(Data supplied begins)

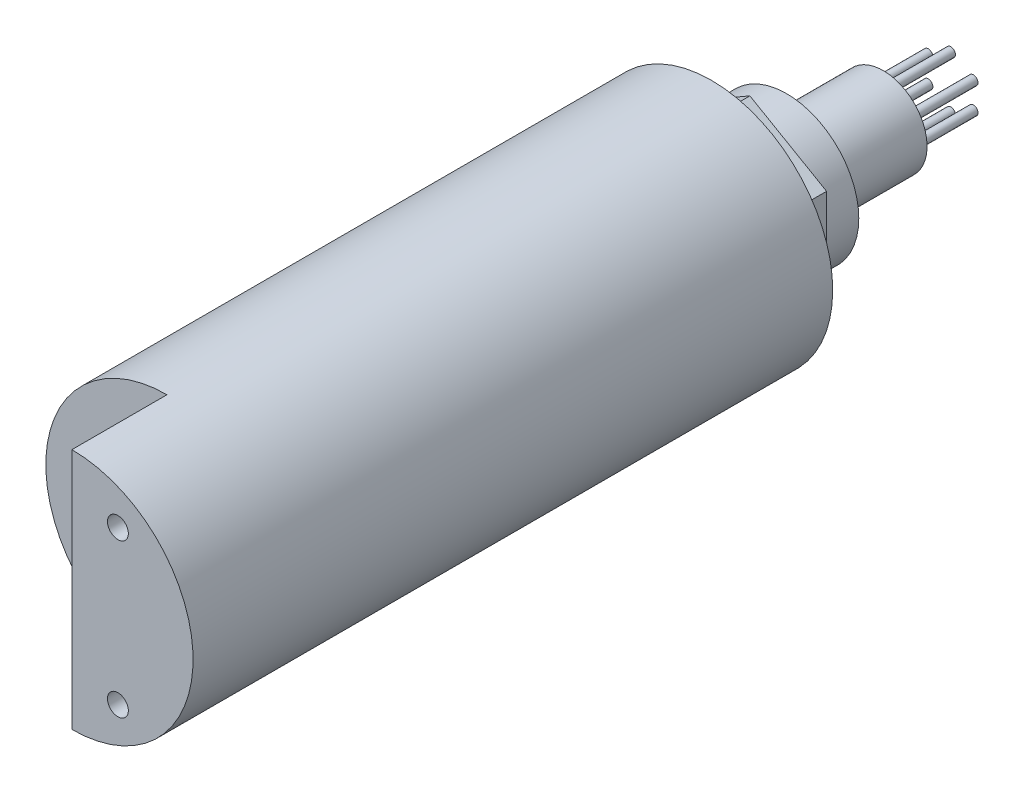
ISO-10303-21;
HEADER;
FILE_DESCRIPTION(('STEP AP214'),'2;1');
FILE_NAME('part.step','',(''),(''),'','','');
FILE_SCHEMA(('AUTOMOTIVE_DESIGN { 1 0 10303 214 1 1 1 1 }'));
ENDSEC;
DATA;
#1=APPLICATION_CONTEXT('core data for automotive mechanical design processes');
#2=APPLICATION_PROTOCOL_DEFINITION('international standard','automotive_design',2000,#1);
#3=PRODUCT_CONTEXT('',#1,'mechanical');
#4=PRODUCT('Part','Part','',(#3));
#5=PRODUCT_RELATED_PRODUCT_CATEGORY('part','',(#4));
#6=PRODUCT_DEFINITION_FORMATION('','',#4);
#7=PRODUCT_DEFINITION_CONTEXT('part definition',#1,'design');
#8=PRODUCT_DEFINITION('design','',#6,#7);
#9=PRODUCT_DEFINITION_SHAPE('','',#8);
#10=(LENGTH_UNIT() NAMED_UNIT(*) SI_UNIT(.MILLI.,.METRE.));
#11=(NAMED_UNIT(*) PLANE_ANGLE_UNIT() SI_UNIT($,.RADIAN.));
#12=(NAMED_UNIT(*) SI_UNIT($,.STERADIAN.) SOLID_ANGLE_UNIT());
#13=UNCERTAINTY_MEASURE_WITH_UNIT(LENGTH_MEASURE(1.E-05),#10,'distance_accuracy_value','');
#14=(GEOMETRIC_REPRESENTATION_CONTEXT(3) GLOBAL_UNCERTAINTY_ASSIGNED_CONTEXT((#13)) GLOBAL_UNIT_ASSIGNED_CONTEXT((#10,
#11,#12)) REPRESENTATION_CONTEXT('',''));
#15=CARTESIAN_POINT('',(0.,0.,0.));
#16=DIRECTION('',(0.,0.,1.));
#17=DIRECTION('',(1.,0.,0.));
#18=AXIS2_PLACEMENT_3D('',#15,#16,#17);
#19=CARTESIAN_POINT('',(0.,0.,-28.448));
#20=DIRECTION('',(0.,0.,-1.));
#21=DIRECTION('',(-1.,0.,0.));
#22=AXIS2_PLACEMENT_3D('',#19,#20,#21);
#23=PLANE('',#22);
#24=CARTESIAN_POINT('',(3.73949769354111,-2.15900000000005,-28.448));
#25=DIRECTION('',(0.,0.,-1.));
#26=DIRECTION('',(-1.,0.,0.));
#27=AXIS2_PLACEMENT_3D('',#24,#25,#26);
#28=CIRCLE('',#27,0.762000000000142);
#29=CARTESIAN_POINT('',(2.97749769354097,-2.15900000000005,-28.448));
#30=VERTEX_POINT('',#29);
#31=EDGE_CURVE('E445',#30,#30,#28,.T.);
#32=ORIENTED_EDGE('',*,*,#31,.F.);
#33=EDGE_LOOP('',(#32));
#34=FACE_BOUND('',#33,.T.);
#35=CARTESIAN_POINT('',(-3.7394976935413,-2.15899999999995,-28.448));
#36=DIRECTION('',(0.,0.,-1.));
#37=DIRECTION('',(-1.,0.,0.));
#38=AXIS2_PLACEMENT_3D('',#35,#36,#37);
#39=CIRCLE('',#38,0.762000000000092);
#40=CARTESIAN_POINT('',(-4.50149769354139,-2.15899999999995,-28.448));
#41=VERTEX_POINT('',#40);
#42=EDGE_CURVE('E462',#41,#41,#39,.T.);
#43=ORIENTED_EDGE('',*,*,#42,.F.);
#44=EDGE_LOOP('',(#43));
#45=FACE_BOUND('',#44,.T.);
#46=CARTESIAN_POINT('',(0.,4.318,-28.448));
#47=DIRECTION('',(0.,0.,-1.));
#48=DIRECTION('',(-1.,0.,0.));
#49=AXIS2_PLACEMENT_3D('',#46,#47,#48);
#50=CIRCLE('',#49,0.762);
#51=CARTESIAN_POINT('',(-0.762,4.318,-28.448));
#52=VERTEX_POINT('',#51);
#53=EDGE_CURVE('E474',#52,#52,#50,.T.);
#54=ORIENTED_EDGE('',*,*,#53,.F.);
#55=EDGE_LOOP('',(#54));
#56=FACE_BOUND('',#55,.T.);
#57=CARTESIAN_POINT('',(0.,0.,-28.448));
#58=DIRECTION('',(0.,0.,-1.));
#59=DIRECTION('',(-1.,0.,0.));
#60=AXIS2_PLACEMENT_3D('',#57,#58,#59);
#61=CIRCLE('',#60,7.239);
#62=CARTESIAN_POINT('',(-7.239,0.,-28.448));
#63=VERTEX_POINT('',#62);
#64=EDGE_CURVE('E483',#63,#63,#61,.T.);
#65=ORIENTED_EDGE('',*,*,#64,.T.);
#66=EDGE_LOOP('',(#65));
#67=FACE_BOUND('',#66,.T.);
#68=CARTESIAN_POINT('',(-3.73949769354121,2.15899999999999,-28.448));
#69=DIRECTION('',(0.,0.,-1.));
#70=DIRECTION('',(-1.,0.,0.));
#71=AXIS2_PLACEMENT_3D('',#68,#69,#70);
#72=CIRCLE('',#71,0.762);
#73=CARTESIAN_POINT('',(-4.50149769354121,2.15899999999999,-28.448));
#74=VERTEX_POINT('',#73);
#75=EDGE_CURVE('E468',#74,#74,#72,.T.);
#76=ORIENTED_EDGE('',*,*,#75,.F.);
#77=EDGE_LOOP('',(#76));
#78=FACE_BOUND('',#77,.T.);
#79=CARTESIAN_POINT('',(-1.22670886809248E-13,-4.318,-28.448));
#80=DIRECTION('',(0.,0.,-1.));
#81=DIRECTION('',(-1.,0.,0.));
#82=AXIS2_PLACEMENT_3D('',#79,#80,#81);
#83=CIRCLE('',#82,0.762000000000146);
#84=CARTESIAN_POINT('',(-0.762000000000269,-4.318,-28.448));
#85=VERTEX_POINT('',#84);
#86=EDGE_CURVE('E456',#85,#85,#83,.T.);
#87=ORIENTED_EDGE('',*,*,#86,.F.);
#88=EDGE_LOOP('',(#87));
#89=FACE_BOUND('',#88,.T.);
#90=CARTESIAN_POINT('',(3.73949769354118,2.15900000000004,-28.448));
#91=DIRECTION('',(0.,0.,-1.));
#92=DIRECTION('',(-1.,0.,0.));
#93=AXIS2_PLACEMENT_3D('',#90,#91,#92);
#94=CIRCLE('',#93,0.762);
#95=CARTESIAN_POINT('',(2.97749769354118,2.15900000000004,-28.448));
#96=VERTEX_POINT('',#95);
#97=EDGE_CURVE('E446',#96,#96,#94,.T.);
#98=ORIENTED_EDGE('',*,*,#97,.F.);
#99=EDGE_LOOP('',(#98));
#100=FACE_BOUND('',#99,.T.);
#101=ADVANCED_FACE('F31',(#34,#45,#56,#67,#78,#89,#100),#23,.T.);
#102=CARTESIAN_POINT('',(0.,0.,-12.446));
#103=DIRECTION('',(0.,0.,-1.));
#104=DIRECTION('',(-1.,0.,0.));
#105=AXIS2_PLACEMENT_3D('',#102,#103,#104);
#106=PLANE('',#105);
#107=CARTESIAN_POINT('',(0.,0.,-12.446));
#108=DIRECTION('',(0.,0.,-1.));
#109=DIRECTION('',(-1.,0.,0.));
#110=AXIS2_PLACEMENT_3D('',#107,#108,#109);
#111=CIRCLE('',#110,11.938);
#112=CARTESIAN_POINT('',(11.938,0.,-12.446));
#113=VERTEX_POINT('',#112);
#114=EDGE_CURVE('E100',#113,#113,#111,.T.);
#115=ORIENTED_EDGE('',*,*,#114,.T.);
#116=EDGE_LOOP('',(#115));
#117=FACE_BOUND('',#116,.T.);
#118=CARTESIAN_POINT('',(0.,0.,-12.446));
#119=DIRECTION('',(0.,0.,-1.));
#120=DIRECTION('',(-1.,0.,0.));
#121=AXIS2_PLACEMENT_3D('',#118,#119,#120);
#122=CIRCLE('',#121,7.239);
#123=CARTESIAN_POINT('',(-7.239,0.,-12.446));
#124=VERTEX_POINT('',#123);
#125=EDGE_CURVE('E480',#124,#124,#122,.T.);
#126=ORIENTED_EDGE('',*,*,#125,.F.);
#127=EDGE_LOOP('',(#126));
#128=FACE_BOUND('',#127,.T.);
#129=ADVANCED_FACE('F209',(#117,#128),#106,.T.);
#130=CARTESIAN_POINT('',(25.4000000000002,0.,-6.35));
#131=DIRECTION('',(0.,0.,1.));
#132=DIRECTION('',(1.,0.,0.));
#133=AXIS2_PLACEMENT_3D('',#130,#131,#132);
#134=PLANE('',#133);
#135=DIRECTION('',(-0.866025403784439,-0.5,0.));
#136=VECTOR('',#135,1.);
#137=CARTESIAN_POINT('',(12.7000000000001,-7.33234841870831,-6.35));
#138=LINE('',#137,#136);
#139=CARTESIAN_POINT('',(12.7000000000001,-7.33234841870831,-6.35));
#140=VERTEX_POINT('',#139);
#141=CARTESIAN_POINT('',(0.,-14.6646968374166,-6.35));
#142=VERTEX_POINT('',#141);
#143=EDGE_CURVE('E111',#140,#142,#138,.T.);
#144=ORIENTED_EDGE('',*,*,#143,.T.);
#145=DIRECTION('',(-0.866025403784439,0.5,0.));
#146=VECTOR('',#145,1.);
#147=CARTESIAN_POINT('',(0.,-14.6646968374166,-6.35));
#148=LINE('',#147,#146);
#149=CARTESIAN_POINT('',(-12.7000000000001,-7.33234841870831,-6.35));
#150=VERTEX_POINT('',#149);
#151=EDGE_CURVE('E495',#142,#150,#148,.T.);
#152=ORIENTED_EDGE('',*,*,#151,.T.);
#153=DIRECTION('',(0.,1.,0.));
#154=VECTOR('',#153,1.);
#155=CARTESIAN_POINT('',(-12.7000000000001,-7.33234841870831,-6.35));
#156=LINE('',#155,#154);
#157=CARTESIAN_POINT('',(-12.7000000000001,7.33234841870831,-6.35));
#158=VERTEX_POINT('',#157);
#159=EDGE_CURVE('E497',#150,#158,#156,.T.);
#160=ORIENTED_EDGE('',*,*,#159,.T.);
#161=DIRECTION('',(0.866025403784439,0.5,0.));
#162=VECTOR('',#161,1.);
#163=CARTESIAN_POINT('',(-12.7000000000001,7.33234841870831,-6.35));
#164=LINE('',#163,#162);
#165=CARTESIAN_POINT('',(0.,14.6646968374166,-6.35));
#166=VERTEX_POINT('',#165);
#167=EDGE_CURVE('E499',#158,#166,#164,.T.);
#168=ORIENTED_EDGE('',*,*,#167,.T.);
#169=DIRECTION('',(0.866025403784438,-0.5,0.));
#170=VECTOR('',#169,1.);
#171=CARTESIAN_POINT('',(0.,14.6646968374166,-6.35));
#172=LINE('',#171,#170);
#173=CARTESIAN_POINT('',(12.7000000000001,7.33234841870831,-6.35));
#174=VERTEX_POINT('',#173);
#175=EDGE_CURVE('E120',#166,#174,#172,.T.);
#176=ORIENTED_EDGE('',*,*,#175,.T.);
#177=DIRECTION('',(0.,-1.,0.));
#178=VECTOR('',#177,1.);
#179=CARTESIAN_POINT('',(12.7000000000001,7.33234841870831,-6.35));
#180=LINE('',#179,#178);
#181=EDGE_CURVE('E116',#174,#140,#180,.T.);
#182=ORIENTED_EDGE('',*,*,#181,.T.);
#183=EDGE_LOOP('',(#144,#152,#160,#168,#176,#182));
#184=FACE_BOUND('',#183,.T.);
#185=CARTESIAN_POINT('',(0.,0.,-6.35));
#186=DIRECTION('',(0.,0.,1.));
#187=DIRECTION('',(1.,0.,0.));
#188=AXIS2_PLACEMENT_3D('',#185,#186,#187);
#189=CIRCLE('',#188,11.938);
#190=CARTESIAN_POINT('',(11.938,0.,-6.35));
#191=VERTEX_POINT('',#190);
#192=EDGE_CURVE('E11',#191,#191,#189,.F.);
#193=ORIENTED_EDGE('',*,*,#192,.F.);
#194=EDGE_LOOP('',(#193));
#195=FACE_BOUND('',#194,.T.);
#196=ADVANCED_FACE('F215',(#184,#195),#134,.F.);
#197=CARTESIAN_POINT('',(0.,0.,0.));
#198=DIRECTION('',(0.,0.,1.));
#199=DIRECTION('',(1.,0.,0.));
#200=AXIS2_PLACEMENT_3D('',#197,#198,#199);
#201=PLANE('',#200);
#202=CARTESIAN_POINT('',(0.,0.,0.));
#203=DIRECTION('',(0.,0.,1.));
#204=DIRECTION('',(1.,0.,0.));
#205=AXIS2_PLACEMENT_3D('',#202,#203,#204);
#206=CIRCLE('',#205,20.066);
#207=CARTESIAN_POINT('',(20.066,0.,0.));
#208=VERTEX_POINT('',#207);
#209=EDGE_CURVE('E177',#208,#208,#206,.T.);
#210=ORIENTED_EDGE('',*,*,#209,.F.);
#211=EDGE_LOOP('',(#210));
#212=FACE_BOUND('',#211,.T.);
#213=DIRECTION('',(-0.866025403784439,-0.5,0.));
#214=VECTOR('',#213,1.);
#215=CARTESIAN_POINT('',(12.7000000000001,-7.33234841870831,0.));
#216=LINE('',#215,#214);
#217=CARTESIAN_POINT('',(12.7000000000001,-7.33234841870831,0.));
#218=VERTEX_POINT('',#217);
#219=CARTESIAN_POINT('',(0.,-14.6646968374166,0.));
#220=VERTEX_POINT('',#219);
#221=EDGE_CURVE('E92',#218,#220,#216,.T.);
#222=ORIENTED_EDGE('',*,*,#221,.F.);
#223=DIRECTION('',(0.,-1.,0.));
#224=VECTOR('',#223,1.);
#225=CARTESIAN_POINT('',(12.7000000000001,7.33234841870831,0.));
#226=LINE('',#225,#224);
#227=CARTESIAN_POINT('',(12.7000000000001,7.33234841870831,0.));
#228=VERTEX_POINT('',#227);
#229=EDGE_CURVE('E95',#228,#218,#226,.T.);
#230=ORIENTED_EDGE('',*,*,#229,.F.);
#231=DIRECTION('',(0.866025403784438,-0.5,0.));
#232=VECTOR('',#231,1.);
#233=CARTESIAN_POINT('',(0.,14.6646968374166,0.));
#234=LINE('',#233,#232);
#235=CARTESIAN_POINT('',(0.,14.6646968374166,0.));
#236=VERTEX_POINT('',#235);
#237=EDGE_CURVE('E112',#236,#228,#234,.T.);
#238=ORIENTED_EDGE('',*,*,#237,.F.);
#239=DIRECTION('',(0.866025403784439,0.5,0.));
#240=VECTOR('',#239,1.);
#241=CARTESIAN_POINT('',(-12.7000000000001,7.33234841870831,0.));
#242=LINE('',#241,#240);
#243=CARTESIAN_POINT('',(-12.7000000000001,7.33234841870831,0.));
#244=VERTEX_POINT('',#243);
#245=EDGE_CURVE('E490',#244,#236,#242,.T.);
#246=ORIENTED_EDGE('',*,*,#245,.F.);
#247=DIRECTION('',(0.,1.,0.));
#248=VECTOR('',#247,1.);
#249=CARTESIAN_POINT('',(-12.7000000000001,-7.33234841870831,0.));
#250=LINE('',#249,#248);
#251=CARTESIAN_POINT('',(-12.7000000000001,-7.33234841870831,0.));
#252=VERTEX_POINT('',#251);
#253=EDGE_CURVE('E51',#252,#244,#250,.T.);
#254=ORIENTED_EDGE('',*,*,#253,.F.);
#255=DIRECTION('',(-0.866025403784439,0.5,0.));
#256=VECTOR('',#255,1.);
#257=CARTESIAN_POINT('',(0.,-14.6646968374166,0.));
#258=LINE('',#257,#256);
#259=EDGE_CURVE('E46',#220,#252,#258,.T.);
#260=ORIENTED_EDGE('',*,*,#259,.F.);
#261=EDGE_LOOP('',(#222,#230,#238,#246,#254,#260));
#262=FACE_BOUND('',#261,.T.);
#263=ADVANCED_FACE('F94',(#212,#262),#201,.F.);
#264=CARTESIAN_POINT('',(0.,0.,90.17));
#265=DIRECTION('',(0.,0.,1.));
#266=DIRECTION('',(1.,0.,0.));
#267=AXIS2_PLACEMENT_3D('',#264,#265,#266);
#268=PLANE('',#267);
#269=DIRECTION('',(0.,-1.,0.));
#270=VECTOR('',#269,1.);
#271=CARTESIAN_POINT('',(0.,20.066,90.17));
#272=LINE('',#271,#270);
#273=CARTESIAN_POINT('',(0.,20.066,90.17));
#274=VERTEX_POINT('',#273);
#275=CARTESIAN_POINT('',(0.,-20.066,90.17));
#276=VERTEX_POINT('',#275);
#277=EDGE_CURVE('E158',#274,#276,#272,.T.);
#278=ORIENTED_EDGE('',*,*,#277,.F.);
#279=CARTESIAN_POINT('',(0.,0.,90.17));
#280=DIRECTION('',(0.,0.,1.));
#281=DIRECTION('',(1.,0.,0.));
#282=AXIS2_PLACEMENT_3D('',#279,#280,#281);
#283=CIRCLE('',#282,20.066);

(Data supplied ends)

--- Exercise aim ---
Nothing but the lines from the first line of the data through the line with "#6=PRODUCT_DEFINITION_FORMATION('','',#4);" belongs in the answer, copied exactly and without pictures.

--- Reply ---
ISO-10303-21;
HEADER;
FILE_DESCRIPTION(('STEP AP214'),'2;1');
FILE_NAME('part.step','',(''),(''),'','','');
FILE_SCHEMA(('AUTOMOTIVE_DESIGN { 1 0 10303 214 1 1 1 1 }'));
ENDSEC;
DATA;
#1=APPLICATION_CONTEXT('core data for automotive mechanical design processes');
#2=APPLICATION_PROTOCOL_DEFINITION('international standard','automotive_design',2000,#1);
#3=PRODUCT_CONTEXT('',#1,'mechanical');
#4=PRODUCT('Part','Part','',(#3));
#5=PRODUCT_RELATED_PRODUCT_CATEGORY('part','',(#4));
#6=PRODUCT_DEFINITION_FORMATION('','',#4);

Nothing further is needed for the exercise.